The other thing too... because horses are pack animals, they like to have company. I would feel bad for a horse that is by herself 24/7. My guy is always turned out with a pasture buddy. He can be turned out for a short time by himself, but he generally comes up to run the fence if alone.


----------



## Elisabeth Kazup (Aug 23, 2008)

Well, it wouldn't be what I would do but if the horse is happy (not frantic for company) and not skinny then it's okay.

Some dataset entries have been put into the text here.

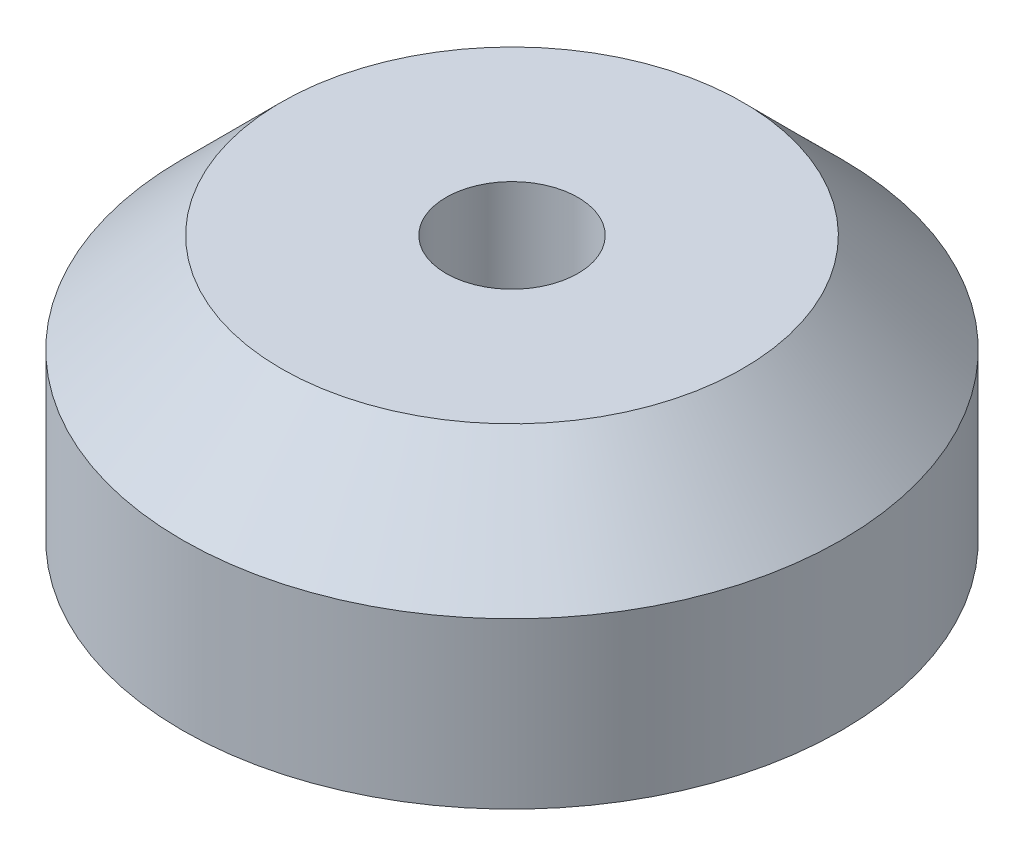
ISO-10303-21;
HEADER;
FILE_DESCRIPTION(('STEP AP214'),'2;1');
FILE_NAME('part.step','',(''),(''),'','','');
FILE_SCHEMA(('AUTOMOTIVE_DESIGN { 1 0 10303 214 1 1 1 1 }'));
ENDSEC;
DATA;
#1=APPLICATION_CONTEXT('core data for automotive mechanical design processes');
#2=APPLICATION_PROTOCOL_DEFINITION('international standard','automotive_design',2000,#1);
#3=PRODUCT_CONTEXT('',#1,'mechanical');
#4=PRODUCT('Part','Part','',(#3));
#5=PRODUCT_RELATED_PRODUCT_CATEGORY('part','',(#4));
#6=PRODUCT_DEFINITION_FORMATION('','',#4);
#7=PRODUCT_DEFINITION_CONTEXT('part definition',#1,'design');
#8=PRODUCT_DEFINITION('design','',#6,#7);
#9=PRODUCT_DEFINITION_SHAPE('','',#8);
#10=(LENGTH_UNIT() NAMED_UNIT(*) SI_UNIT(.MILLI.,.METRE.));
#11=(NAMED_UNIT(*) PLANE_ANGLE_UNIT() SI_UNIT($,.RADIAN.));
#12=(NAMED_UNIT(*) SI_UNIT($,.STERADIAN.) SOLID_ANGLE_UNIT());
#13=UNCERTAINTY_MEASURE_WITH_UNIT(LENGTH_MEASURE(1.E-05),#10,'distance_accuracy_value','');
#14=(GEOMETRIC_REPRESENTATION_CONTEXT(3) GLOBAL_UNCERTAINTY_ASSIGNED_CONTEXT((#13)) GLOBAL_UNIT_ASSIGNED_CONTEXT((#10,
#11,#12)) REPRESENTATION_CONTEXT('',''));
#15=CARTESIAN_POINT('',(0.,0.,0.));
#16=DIRECTION('',(0.,0.,1.));
#17=DIRECTION('',(1.,0.,0.));
#18=AXIS2_PLACEMENT_3D('',#15,#16,#17);
#19=CARTESIAN_POINT('',(0.,0.,0.));
#20=DIRECTION('',(0.,1.,0.));
#21=DIRECTION('',(0.,0.,1.));
#22=AXIS2_PLACEMENT_3D('',#19,#20,#21);
#23=PLANE('',#22);
#24=CARTESIAN_POINT('',(0.,0.,0.));
#25=DIRECTION('',(0.,1.,0.));
#26=DIRECTION('',(0.,0.,1.));
#27=AXIS2_PLACEMENT_3D('',#24,#25,#26);
#28=CIRCLE('',#27,10.);
#29=CARTESIAN_POINT('',(0.,0.,10.));
#30=VERTEX_POINT('',#29);
#31=EDGE_CURVE('E49',#30,#30,#28,.T.);
#32=ORIENTED_EDGE('',*,*,#31,.T.);
#33=EDGE_LOOP('',(#32));
#34=FACE_BOUND('',#33,.T.);
#35=CARTESIAN_POINT('',(0.,0.,0.));
#36=DIRECTION('',(0.,1.,0.));
#37=DIRECTION('',(0.,0.,1.));
#38=AXIS2_PLACEMENT_3D('',#35,#36,#37);
#39=CIRCLE('',#38,13.);
#40=CARTESIAN_POINT('',(0.,0.,13.));
#41=VERTEX_POINT('',#40);
#42=EDGE_CURVE('E60',#41,#41,#39,.T.);
#43=ORIENTED_EDGE('',*,*,#42,.F.);
#44=EDGE_LOOP('',(#43));
#45=FACE_BOUND('',#44,.T.);
#46=ADVANCED_FACE('F31',(#34,#45),#23,.F.);
#47=CARTESIAN_POINT('',(0.,40.,0.));
#48=DIRECTION('',(0.,1.,0.));
#49=DIRECTION('',(0.,0.,1.));
#50=AXIS2_PLACEMENT_3D('',#47,#48,#49);
#51=PLANE('',#50);
#52=CARTESIAN_POINT('',(0.,40.,0.));
#53=DIRECTION('',(0.,1.,0.));
#54=DIRECTION('',(0.,0.,1.));
#55=AXIS2_PLACEMENT_3D('',#52,#53,#54);
#56=CIRCLE('',#55,35.);
#57=CARTESIAN_POINT('',(0.,40.,35.));
#58=VERTEX_POINT('',#57);
#59=EDGE_CURVE('E38',#58,#58,#56,.T.);
#60=ORIENTED_EDGE('',*,*,#59,.T.);
#61=EDGE_LOOP('',(#60));
#62=FACE_BOUND('',#61,.T.);
#63=CARTESIAN_POINT('',(0.,40.,0.));
#64=DIRECTION('',(0.,1.,0.));
#65=DIRECTION('',(0.,0.,1.));
#66=AXIS2_PLACEMENT_3D('',#63,#64,#65);
#67=CIRCLE('',#66,10.);
#68=CARTESIAN_POINT('',(0.,40.,10.));
#69=VERTEX_POINT('',#68);
#70=EDGE_CURVE('E46',#69,#69,#67,.T.);
#71=ORIENTED_EDGE('',*,*,#70,.F.);
#72=EDGE_LOOP('',(#71));
#73=FACE_BOUND('',#72,.T.);
#74=ADVANCED_FACE('F86',(#62,#73),#51,.T.);
#75=CARTESIAN_POINT('',(0.,0.,0.));
#76=DIRECTION('',(0.,1.,0.));
#77=DIRECTION('',(0.,0.,1.));
#78=AXIS2_PLACEMENT_3D('',#75,#76,#77);
#79=CIRCLE('',#78,47.);
#80=CARTESIAN_POINT('',(0.,0.,47.));
#81=VERTEX_POINT('',#80);
#82=EDGE_CURVE('E55',#81,#81,#79,.T.);
#83=ORIENTED_EDGE('',*,*,#82,.T.);
#84=EDGE_LOOP('',(#83));
#85=FACE_BOUND('',#84,.T.);
#86=CARTESIAN_POINT('',(0.,0.,0.));
#87=DIRECTION('',(0.,1.,0.));
#88=DIRECTION('',(0.,0.,1.));
#89=AXIS2_PLACEMENT_3D('',#86,#87,#88);
#90=CIRCLE('',#89,50.);
#91=CARTESIAN_POINT('',(0.,0.,50.));
#92=VERTEX_POINT('',#91);
#93=EDGE_CURVE('E42',#92,#92,#90,.T.);
#94=ORIENTED_EDGE('',*,*,#93,.F.);
#95=EDGE_LOOP('',(#94));
#96=FACE_BOUND('',#95,.T.);
#97=ADVANCED_FACE('F89',(#85,#96),#23,.F.);
#98=CARTESIAN_POINT('',(0.,40.,0.));
#99=DIRECTION('',(0.,-1.,0.));
#100=DIRECTION('',(0.,0.,-1.));
#101=AXIS2_PLACEMENT_3D('',#98,#99,#100);
#102=CYLINDRICAL_SURFACE('',#101,50.);
#103=CARTESIAN_POINT('',(0.,25.,0.));
#104=DIRECTION('',(0.,1.,0.));
#105=DIRECTION('',(0.,0.,1.));
#106=AXIS2_PLACEMENT_3D('',#103,#104,#105);
#107=CIRCLE('',#106,50.);
#108=CARTESIAN_POINT('',(0.,25.,50.));
#109=VERTEX_POINT('',#108);
#110=EDGE_CURVE('E10',#109,#109,#107,.F.);
#111=ORIENTED_EDGE('',*,*,#110,.T.);
#112=EDGE_LOOP('',(#111));
#113=FACE_BOUND('',#112,.T.);
#114=ORIENTED_EDGE('',*,*,#93,.T.);
#115=EDGE_LOOP('',(#114));
#116=FACE_BOUND('',#115,.T.);
#117=ADVANCED_FACE('F95',(#113,#116),#102,.T.);
#118=CARTESIAN_POINT('',(0.,40.,0.));
#119=DIRECTION('',(0.,-1.,0.));
#120=DIRECTION('',(0.,0.,-1.));
#121=AXIS2_PLACEMENT_3D('',#118,#119,#120);
#122=CYLINDRICAL_SURFACE('',#121,10.);
#123=ORIENTED_EDGE('',*,*,#70,.T.);
#124=EDGE_LOOP('',(#123));
#125=FACE_BOUND('',#124,.T.);
#126=ORIENTED_EDGE('',*,*,#31,.F.);
#127=EDGE_LOOP('',(#126));
#128=FACE_BOUND('',#127,.T.);
#129=ADVANCED_FACE('F100',(#125,#128),#122,.F.);
#130=CARTESIAN_POINT('',(0.,40.,0.));
#131=DIRECTION('',(0.,-1.,0.));
#132=DIRECTION('',(0.,0.,-1.));
#133=AXIS2_PLACEMENT_3D('',#130,#131,#132);
#134=CONICAL_SURFACE('',#133,35.,0.785398163397446);
#135=ORIENTED_EDGE('',*,*,#110,.F.);
#136=EDGE_LOOP('',(#135));
#137=FACE_BOUND('',#136,.T.);
#138=ORIENTED_EDGE('',*,*,#59,.F.);
#139=EDGE_LOOP('',(#138));
#140=FACE_BOUND('',#139,.T.);
#141=ADVANCED_FACE('F33',(#137,#140),#134,.T.);
#142=CARTESIAN_POINT('',(0.,37.,0.));
#143=DIRECTION('',(0.,1.,0.));
#144=DIRECTION('',(0.,0.,1.));
#145=AXIS2_PLACEMENT_3D('',#142,#143,#144);
#146=PLANE('',#145);
#147=CARTESIAN_POINT('',(0.,37.,0.));
#148=DIRECTION('',(0.,1.,0.));
#149=DIRECTION('',(0.,0.,1.));
#150=AXIS2_PLACEMENT_3D('',#147,#148,#149);
#151=CIRCLE('',#150,33.7573593128807);
#152=CARTESIAN_POINT('',(0.,37.,33.7573593128807));
#153=VERTEX_POINT('',#152);
#154=EDGE_CURVE('E58',#153,#153,#151,.T.);
#155=ORIENTED_EDGE('',*,*,#154,.F.);
#156=EDGE_LOOP('',(#155));
#157=FACE_BOUND('',#156,.T.);
#158=CARTESIAN_POINT('',(0.,37.,0.));
#159=DIRECTION('',(0.,1.,0.));
#160=DIRECTION('',(0.,0.,1.));
#161=AXIS2_PLACEMENT_3D('',#158,#159,#160);
#162=CIRCLE('',#161,13.);
#163=CARTESIAN_POINT('',(0.,37.,13.));
#164=VERTEX_POINT('',#163);
#165=EDGE_CURVE('E59',#164,#164,#162,.T.);
#166=ORIENTED_EDGE('',*,*,#165,.T.);
#167=EDGE_LOOP('',(#166));
#168=FACE_BOUND('',#167,.T.);
#169=ADVANCED_FACE('F72',(#157,#168),#146,.F.);
#170=CARTESIAN_POINT('',(0.,40.,0.));
#171=DIRECTION('',(0.,-1.,0.));
#172=DIRECTION('',(0.,0.,-1.));
#173=AXIS2_PLACEMENT_3D('',#170,#171,#172);
#174=CYLINDRICAL_SURFACE('',#173,47.);
#175=CARTESIAN_POINT('',(0.,23.7573593128807,0.));
#176=DIRECTION('',(0.,-1.,0.));
#177=DIRECTION('',(0.,0.,-1.));
#178=AXIS2_PLACEMENT_3D('',#175,#176,#177);
#179=CIRCLE('',#178,47.);
#180=CARTESIAN_POINT('',(0.,23.7573593128807,-47.));
#181=VERTEX_POINT('',#180);
#182=EDGE_CURVE('E52',#181,#181,#179,.T.);
#183=ORIENTED_EDGE('',*,*,#182,.F.);
#184=EDGE_LOOP('',(#183));
#185=FACE_BOUND('',#184,.T.);
#186=ORIENTED_EDGE('',*,*,#82,.F.);
#187=EDGE_LOOP('',(#186));
#188=FACE_BOUND('',#187,.T.);
#189=ADVANCED_FACE('F75',(#185,#188),#174,.F.);
#190=CARTESIAN_POINT('',(0.,40.,0.));
#191=DIRECTION('',(0.,-1.,0.));
#192=DIRECTION('',(0.,0.,-1.));
#193=AXIS2_PLACEMENT_3D('',#190,#191,#192);
#194=CYLINDRICAL_SURFACE('',#193,13.);
#195=ORIENTED_EDGE('',*,*,#165,.F.);
#196=EDGE_LOOP('',(#195));
#197=FACE_BOUND('',#196,.T.);
#198=ORIENTED_EDGE('',*,*,#42,.T.);
#199=EDGE_LOOP('',(#198));
#200=FACE_BOUND('',#199,.T.);
#201=ADVANCED_FACE('F79',(#197,#200),#194,.T.);
#202=CARTESIAN_POINT('',(0.,37.8786796564404,0.));
#203=DIRECTION('',(0.,-1.,0.));
#204=DIRECTION('',(0.,0.,-1.));
#205=AXIS2_PLACEMENT_3D('',#202,#203,#204);
#206=CONICAL_SURFACE('',#205,32.8786796564404,0.785398163397446);
#207=ORIENTED_EDGE('',*,*,#182,.T.);
#208=EDGE_LOOP('',(#207));
#209=FACE_BOUND('',#208,.T.);
#210=ORIENTED_EDGE('',*,*,#154,.T.);
#211=EDGE_LOOP('',(#210));
#212=FACE_BOUND('',#211,.T.);
#213=ADVANCED_FACE('F70',(#209,#212),#206,.F.);
#214=CLOSED_SHELL('',(#46,#74,#97,#117,#129,#141,#169,#189,#201,#213));
#215=MANIFOLD_SOLID_BREP('B2',#214);
#216=ADVANCED_BREP_SHAPE_REPRESENTATION('',(#18,#215),#14);
#217=SHAPE_DEFINITION_REPRESENTATION(#9,#216);
ENDSEC;
END-ISO-10303-21;

We don't brush every day. We feed twice a day because we have to monitor their food. And we have to keep them OFF the pasture for 18-20 hours a day. If we turned them out, they'd be way too fat.


----------



## sabrinamae12 (Mar 22, 2013)

Grain is not always needed, depending on the horse and how much work it does. My palomino mare needs grain year round since it's hard to keep weight on her, and most performance horses need grain. But many pasture pets just don't need the extra calories to maintain weight. Our paint mare can eat grass through the summer and hay in the winter and be fat all year without grain. In Ohio, we do have to supplement hay in the winter due to the snow. As far as attention and brushing, the brushing should be done, and feet should be checked regularly to make sure there aren't any issues. But mine are all happy to spend a full day at pasture in the summer and refuse to come in unless it's hot or storming. As long as there is adequate shelter, a clean water source, the horse is current on vaccinations, and is handled enough not to become feral, they're very self sufficient critters. Much different than most domestic animals, that's for sure. We don't interact with ours as much as we should, but they're pretty to look at and very therapeutic. I wouldn't say their situation is "normal," but their horse may also be happy as a clam with all that grass. I've seen horses pastured on dirt or in a forest, and to me that's worse than an open field. But it's hard to say anything for sure without all the facts. 

Eta: I also think it's better to be on pasture than locked up in a stall except for to exercise. But that's my personal opinion. And yes, turn out with an animal friend would be ideal (horse, cows, etc.)

Sent from Petguide.com Free App


----------



## Megora (Jun 7, 2010)

I asked my barn lady to make sure my guy is brought inside every night, or at least every other day. I don't know if it is because he's older or because he's so active when he's out there (lots of running around), but he loses weight when he's out for days at a time. And at his age (almost 27), he doesn't have that much extra weight to lose. He's a skinny boy. 

To clarify because of the "locked in a stall" comment... most horses at our barn are turned out between the morning and late afternoon. So generally are outside for 8 hours at least. And then they come inside by evening until the next day when they do it all again. For those horses who are retired like mine, they generally get to spend more time outside to get enough exercise to keep them in shape. Otherwise, they are more likely to lose muscle and come out stiff. That's why they get to be turned out for longer hours or generally 2-3 days in a row or more. And if they have enough shelter and food and water - they generally are fine. With my guy, we had him on that schedule for a while and it was great for his legs and shoulders (he has some arthritis), but his ribs started showing. And not for lack of food - he's usually one of those stud brains who chases other horses away from the food and there's lots of grass out there.  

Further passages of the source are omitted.